*Records to process*.
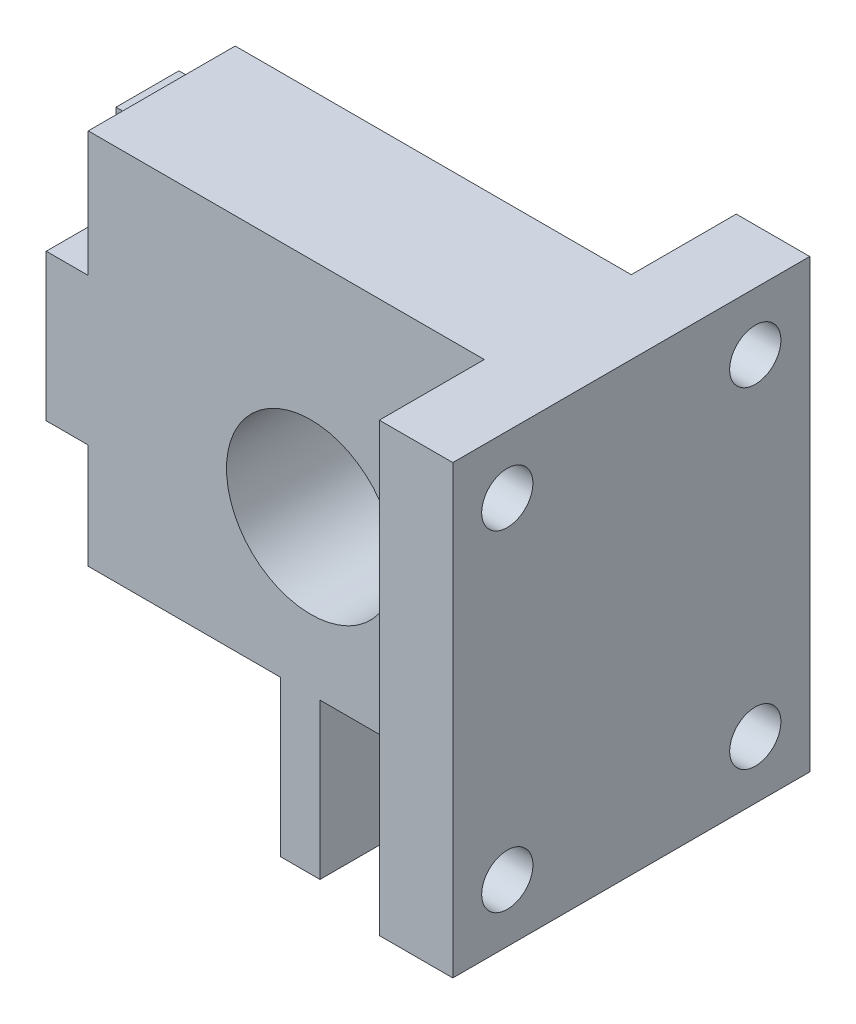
ISO-10303-21;
HEADER;
FILE_DESCRIPTION(('STEP AP214'),'2;1');
FILE_NAME('part.step','',(''),(''),'','','');
FILE_SCHEMA(('AUTOMOTIVE_DESIGN { 1 0 10303 214 1 1 1 1 }'));
ENDSEC;
DATA;
#1=APPLICATION_CONTEXT('core data for automotive mechanical design processes');
#2=APPLICATION_PROTOCOL_DEFINITION('international standard','automotive_design',2000,#1);
#3=PRODUCT_CONTEXT('',#1,'mechanical');
#4=PRODUCT('Part','Part','',(#3));
#5=PRODUCT_RELATED_PRODUCT_CATEGORY('part','',(#4));
#6=PRODUCT_DEFINITION_FORMATION('','',#4);
#7=PRODUCT_DEFINITION_CONTEXT('part definition',#1,'design');
#8=PRODUCT_DEFINITION('design','',#6,#7);
#9=PRODUCT_DEFINITION_SHAPE('','',#8);
#10=(LENGTH_UNIT() NAMED_UNIT(*) SI_UNIT(.MILLI.,.METRE.));
#11=(NAMED_UNIT(*) PLANE_ANGLE_UNIT() SI_UNIT($,.RADIAN.));
#12=(NAMED_UNIT(*) SI_UNIT($,.STERADIAN.) SOLID_ANGLE_UNIT());
#13=UNCERTAINTY_MEASURE_WITH_UNIT(LENGTH_MEASURE(1.E-05),#10,'distance_accuracy_value','');
#14=(GEOMETRIC_REPRESENTATION_CONTEXT(3) GLOBAL_UNCERTAINTY_ASSIGNED_CONTEXT((#13)) GLOBAL_UNIT_ASSIGNED_CONTEXT((#10,
#11,#12)) REPRESENTATION_CONTEXT('',''));
#15=CARTESIAN_POINT('',(0.,0.,0.));
#16=DIRECTION('',(0.,0.,1.));
#17=DIRECTION('',(1.,0.,0.));
#18=AXIS2_PLACEMENT_3D('',#15,#16,#17);
#19=CARTESIAN_POINT('',(3.9624,-2.9591,-4.572));
#20=DIRECTION('',(1.,0.,0.));
#21=DIRECTION('',(0.,0.,-1.));
#22=AXIS2_PLACEMENT_3D('',#19,#20,#21);
#23=PLANE('',#22);
#24=DIRECTION('',(0.,-1.,0.));
#25=VECTOR('',#24,1.);
#26=CARTESIAN_POINT('',(3.9624,5.92582,-0.762));
#27=LINE('',#26,#25);
#28=CARTESIAN_POINT('',(3.9624,5.92582,-0.762));
#29=VERTEX_POINT('',#28);
#30=CARTESIAN_POINT('',(3.9624,-2.9591,-0.762));
#31=VERTEX_POINT('',#30);
#32=EDGE_CURVE('E184',#29,#31,#27,.T.);
#33=ORIENTED_EDGE('',*,*,#32,.F.);
#34=DIRECTION('',(0.,0.,1.));
#35=VECTOR('',#34,1.);
#36=CARTESIAN_POINT('',(3.9624,5.92582,-4.572));
#37=LINE('',#36,#35);
#38=CARTESIAN_POINT('',(3.9624,5.92582,-4.572));
#39=VERTEX_POINT('',#38);
#40=EDGE_CURVE('E206',#39,#29,#37,.T.);
#41=ORIENTED_EDGE('',*,*,#40,.F.);
#42=DIRECTION('',(0.,1.,0.));
#43=VECTOR('',#42,1.);
#44=CARTESIAN_POINT('',(3.9624,-2.9591,-4.572));
#45=LINE('',#44,#43);
#46=CARTESIAN_POINT('',(3.9624,-2.9591,-4.572));
#47=VERTEX_POINT('',#46);
#48=EDGE_CURVE('E204',#47,#39,#45,.T.);
#49=ORIENTED_EDGE('',*,*,#48,.F.);
#50=DIRECTION('',(0.,0.,1.));
#51=VECTOR('',#50,1.);
#52=CARTESIAN_POINT('',(3.9624,-2.9591,-4.572));
#53=LINE('',#52,#51);
#54=EDGE_CURVE('E197',#47,#31,#53,.T.);
#55=ORIENTED_EDGE('',*,*,#54,.T.);
#56=EDGE_LOOP('',(#33,#41,#49,#55));
#57=FACE_BOUND('',#56,.T.);
#58=ADVANCED_FACE('F33',(#57),#23,.F.);
#59=CARTESIAN_POINT('',(-9.271,-13.5001,0.));
#60=DIRECTION('',(0.,0.,1.));
#61=DIRECTION('',(1.,0.,0.));
#62=AXIS2_PLACEMENT_3D('',#59,#60,#61);
#63=PLANE('',#62);
#64=CARTESIAN_POINT('',(25.4,0.,0.));
#65=DIRECTION('',(0.,0.,1.));
#66=DIRECTION('',(1.,0.,0.));
#67=AXIS2_PLACEMENT_3D('',#64,#65,#66);
#68=CIRCLE('',#67,5.1);
#69=CARTESIAN_POINT('',(30.5,0.,0.));
#70=VERTEX_POINT('',#69);
#71=EDGE_CURVE('E453',#70,#70,#68,.T.);
#72=ORIENTED_EDGE('',*,*,#71,.T.);
#73=EDGE_LOOP('',(#72));
#74=FACE_BOUND('',#73,.T.);
#75=DIRECTION('',(-1.,0.,0.));
#76=VECTOR('',#75,1.);
#77=CARTESIAN_POINT('',(15.748,-2.9591,0.));
#78=LINE('',#77,#76);
#79=CARTESIAN_POINT('',(15.748,-2.9591,0.));
#80=VERTEX_POINT('',#79);
#81=CARTESIAN_POINT('',(11.938,-2.9591,0.));
#82=VERTEX_POINT('',#81);
#83=EDGE_CURVE('E218',#80,#82,#78,.T.);
#84=ORIENTED_EDGE('',*,*,#83,.F.);
#85=DIRECTION('',(0.,-1.,0.));
#86=VECTOR('',#85,1.);
#87=CARTESIAN_POINT('',(15.748,-2.9591,0.));
#88=LINE('',#87,#86);
#89=CARTESIAN_POINT('',(15.748,5.92582,0.));
#90=VERTEX_POINT('',#89);
#91=EDGE_CURVE('E238',#90,#80,#88,.T.);
#92=ORIENTED_EDGE('',*,*,#91,.F.);
#93=DIRECTION('',(1.,0.,0.));
#94=VECTOR('',#93,1.);
#95=CARTESIAN_POINT('',(15.748,5.92582,0.));
#96=LINE('',#95,#94);
#97=CARTESIAN_POINT('',(11.938,5.92582,0.));
#98=VERTEX_POINT('',#97);
#99=EDGE_CURVE('E214',#98,#90,#96,.T.);
#100=ORIENTED_EDGE('',*,*,#99,.F.);
#101=DIRECTION('',(0.,1.,0.));
#102=VECTOR('',#101,1.);
#103=CARTESIAN_POINT('',(11.938,-13.5001,0.));
#104=LINE('',#103,#102);
#105=CARTESIAN_POINT('',(11.938,13.5001,0.));
#106=VERTEX_POINT('',#105);
#107=EDGE_CURVE('E488',#98,#106,#104,.T.);
#108=ORIENTED_EDGE('',*,*,#107,.T.);
#109=DIRECTION('',(-1.,0.,0.));
#110=VECTOR('',#109,1.);
#111=CARTESIAN_POINT('',(-9.271,13.5001,0.));
#112=LINE('',#111,#110);
#113=CARTESIAN_POINT('',(35.895,13.5001,0.));
#114=VERTEX_POINT('',#113);
#115=EDGE_CURVE('E469',#114,#106,#112,.T.);
#116=ORIENTED_EDGE('',*,*,#115,.F.);
#117=DIRECTION('',(0.,1.,0.));
#118=VECTOR('',#117,1.);
#119=CARTESIAN_POINT('',(35.895,-13.5001,0.));
#120=LINE('',#119,#118);
#121=CARTESIAN_POINT('',(35.895,-13.5001,0.));
#122=VERTEX_POINT('',#121);
#123=EDGE_CURVE('E439',#122,#114,#120,.T.);
#124=ORIENTED_EDGE('',*,*,#123,.F.);
#125=DIRECTION('',(1.,0.,0.));
#126=VECTOR('',#125,1.);
#127=CARTESIAN_POINT('',(-9.271,-13.5001,0.));
#128=LINE('',#127,#126);
#129=CARTESIAN_POINT('',(32.385,-13.5001,0.));
#130=VERTEX_POINT('',#129);
#131=EDGE_CURVE('E459',#130,#122,#128,.T.);
#132=ORIENTED_EDGE('',*,*,#131,.F.);
#133=DIRECTION('',(0.,-1.,0.));
#134=VECTOR('',#133,1.);
#135=CARTESIAN_POINT('',(32.385,-9.3091,0.));
#136=LINE('',#135,#134);
#137=CARTESIAN_POINT('',(32.385,-9.3091,0.));
#138=VERTEX_POINT('',#137);
#139=EDGE_CURVE('E568',#138,#130,#136,.T.);
#140=ORIENTED_EDGE('',*,*,#139,.F.);
#141=DIRECTION('',(1.,0.,0.));
#142=VECTOR('',#141,1.);
#143=CARTESIAN_POINT('',(32.385,-9.3091,0.));
#144=LINE('',#143,#142);
#145=CARTESIAN_POINT('',(25.955625,-9.3091,0.));
#146=VERTEX_POINT('',#145);
#147=EDGE_CURVE('E567',#146,#138,#144,.T.);
#148=ORIENTED_EDGE('',*,*,#147,.F.);
#149=DIRECTION('',(0.,1.,0.));
#150=VECTOR('',#149,1.);
#151=CARTESIAN_POINT('',(25.955625,-18.7071,0.));
#152=LINE('',#151,#150);
#153=CARTESIAN_POINT('',(25.955625,-18.7071,0.));
#154=VERTEX_POINT('',#153);
#155=EDGE_CURVE('E573',#154,#146,#152,.T.);
#156=ORIENTED_EDGE('',*,*,#155,.F.);
#157=DIRECTION('',(1.,0.,0.));
#158=VECTOR('',#157,1.);
#159=CARTESIAN_POINT('',(23.574375,-18.7071,0.));
#160=LINE('',#159,#158);
#161=CARTESIAN_POINT('',(23.574375,-18.7071,0.));
#162=VERTEX_POINT('',#161);
#163=EDGE_CURVE('E587',#162,#154,#160,.T.);
#164=ORIENTED_EDGE('',*,*,#163,.F.);
#165=DIRECTION('',(0.,1.,0.));
#166=VECTOR('',#165,1.);
#167=CARTESIAN_POINT('',(23.574375,-18.7071,0.));
#168=LINE('',#167,#166);
#169=CARTESIAN_POINT('',(23.574375,-9.3091,0.));
#170=VERTEX_POINT('',#169);
#171=EDGE_CURVE('E570',#162,#170,#168,.T.);
#172=ORIENTED_EDGE('',*,*,#171,.T.);
#173=CARTESIAN_POINT('',(11.938,-9.3091,0.));
#174=VERTEX_POINT('',#173);
#175=EDGE_CURVE('E565',#174,#170,#144,.T.);
#176=ORIENTED_EDGE('',*,*,#175,.F.);
#177=EDGE_CURVE('E497',#174,#82,#104,.T.);
#178=ORIENTED_EDGE('',*,*,#177,.T.);
#179=EDGE_LOOP('',(#84,#92,#100,#108,#116,#124,#132,#140,#148,#156,#164,#172,#176,#178));
#180=FACE_BOUND('',#179,.T.);
#181=ADVANCED_FACE('F262',(#74,#180),#63,.F.);
#182=CARTESIAN_POINT('',(11.938,-9.3091,-6.35));
#183=DIRECTION('',(1.,0.,0.));
#184=DIRECTION('',(0.,1.,0.));
#185=AXIS2_PLACEMENT_3D('',#182,#183,#184);
#186=PLANE('',#185);
#187=CARTESIAN_POINT('',(11.938,9.7016374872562,4.445));
#188=DIRECTION('',(-1.,0.,0.));
#189=DIRECTION('',(0.,0.,1.));
#190=AXIS2_PLACEMENT_3D('',#187,#188,#189);
#191=CIRCLE('',#190,1.28905);
#192=CARTESIAN_POINT('',(11.938,9.7016374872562,5.73405));
#193=VERTEX_POINT('',#192);
#194=EDGE_CURVE('E305',#193,#193,#191,.T.);
#195=ORIENTED_EDGE('',*,*,#194,.F.);
#196=EDGE_LOOP('',(#195));
#197=FACE_BOUND('',#196,.T.);
#198=DIRECTION('',(0.,0.,-1.));
#199=VECTOR('',#198,1.);
#200=CARTESIAN_POINT('',(11.938,5.92582,0.));
#201=LINE('',#200,#199);
#202=CARTESIAN_POINT('',(11.938,5.92582,8.89));
#203=VERTEX_POINT('',#202);
#204=EDGE_CURVE('E58',#203,#98,#201,.T.);
#205=ORIENTED_EDGE('',*,*,#204,.F.);
#206=DIRECTION('',(0.,1.,0.));
#207=VECTOR('',#206,1.);
#208=CARTESIAN_POINT('',(11.938,-9.3091,8.89));
#209=LINE('',#208,#207);
#210=CARTESIAN_POINT('',(11.938,13.5001,8.89));
#211=VERTEX_POINT('',#210);
#212=EDGE_CURVE('E477',#203,#211,#209,.T.);
#213=ORIENTED_EDGE('',*,*,#212,.T.);
#214=DIRECTION('',(0.,0.,1.));
#215=VECTOR('',#214,1.);
#216=CARTESIAN_POINT('',(11.938,13.5001,-6.35));
#217=LINE('',#216,#215);
#218=EDGE_CURVE('E484',#106,#211,#217,.T.);
#219=ORIENTED_EDGE('',*,*,#218,.F.);
#220=ORIENTED_EDGE('',*,*,#107,.F.);
#221=EDGE_LOOP('',(#205,#213,#219,#220));
#222=FACE_BOUND('',#221,.T.);
#223=ADVANCED_FACE('F266',(#197,#222),#186,.F.);
#224=CARTESIAN_POINT('',(11.938,-6.14144391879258,4.445));
#225=DIRECTION('',(-1.,0.,0.));
#226=DIRECTION('',(0.,0.,1.));
#227=AXIS2_PLACEMENT_3D('',#224,#225,#226);
#228=CIRCLE('',#227,1.28905);
#229=CARTESIAN_POINT('',(11.938,-6.14144391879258,5.73405));
#230=VERTEX_POINT('',#229);
#231=EDGE_CURVE('E297',#230,#230,#228,.T.);
#232=ORIENTED_EDGE('',*,*,#231,.F.);
#233=EDGE_LOOP('',(#232));
#234=FACE_BOUND('',#233,.T.);
#235=DIRECTION('',(0.,0.,1.));
#236=VECTOR('',#235,1.);
#237=CARTESIAN_POINT('',(11.938,-2.9591,0.));
#238=LINE('',#237,#236);
#239=CARTESIAN_POINT('',(11.938,-2.9591,8.89));
#240=VERTEX_POINT('',#239);
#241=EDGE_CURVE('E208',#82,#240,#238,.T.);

*Exercise prompt*. Leave out any pictures and return exactly the lines from the beginning of the data through the line with "#18=AXIS2_PLACEMENT_3D('',#15,#16,#17);", inclusive.

*Solution to the problem*.
ISO-10303-21;
HEADER;
FILE_DESCRIPTION(('STEP AP214'),'2;1');
FILE_NAME('part.step','',(''),(''),'','','');
FILE_SCHEMA(('AUTOMOTIVE_DESIGN { 1 0 10303 214 1 1 1 1 }'));
ENDSEC;
DATA;
#1=APPLICATION_CONTEXT('core data for automotive mechanical design processes');
#2=APPLICATION_PROTOCOL_DEFINITION('international standard','automotive_design',2000,#1);
#3=PRODUCT_CONTEXT('',#1,'mechanical');
#4=PRODUCT('Part','Part','',(#3));
#5=PRODUCT_RELATED_PRODUCT_CATEGORY('part','',(#4));
#6=PRODUCT_DEFINITION_FORMATION('','',#4);
#7=PRODUCT_DEFINITION_CONTEXT('part definition',#1,'design');
#8=PRODUCT_DEFINITION('design','',#6,#7);
#9=PRODUCT_DEFINITION_SHAPE('','',#8);
#10=(LENGTH_UNIT() NAMED_UNIT(*) SI_UNIT(.MILLI.,.METRE.));
#11=(NAMED_UNIT(*) PLANE_ANGLE_UNIT() SI_UNIT($,.RADIAN.));
#12=(NAMED_UNIT(*) SI_UNIT($,.STERADIAN.) SOLID_ANGLE_UNIT());
#13=UNCERTAINTY_MEASURE_WITH_UNIT(LENGTH_MEASURE(1.E-05),#10,'distance_accuracy_value','');
#14=(GEOMETRIC_REPRESENTATION_CONTEXT(3) GLOBAL_UNCERTAINTY_ASSIGNED_CONTEXT((#13)) GLOBAL_UNIT_ASSIGNED_CONTEXT((#10,
#11,#12)) REPRESENTATION_CONTEXT('',''));
#15=CARTESIAN_POINT('',(0.,0.,0.));
#16=DIRECTION('',(0.,0.,1.));
#17=DIRECTION('',(1.,0.,0.));
#18=AXIS2_PLACEMENT_3D('',#15,#16,#17);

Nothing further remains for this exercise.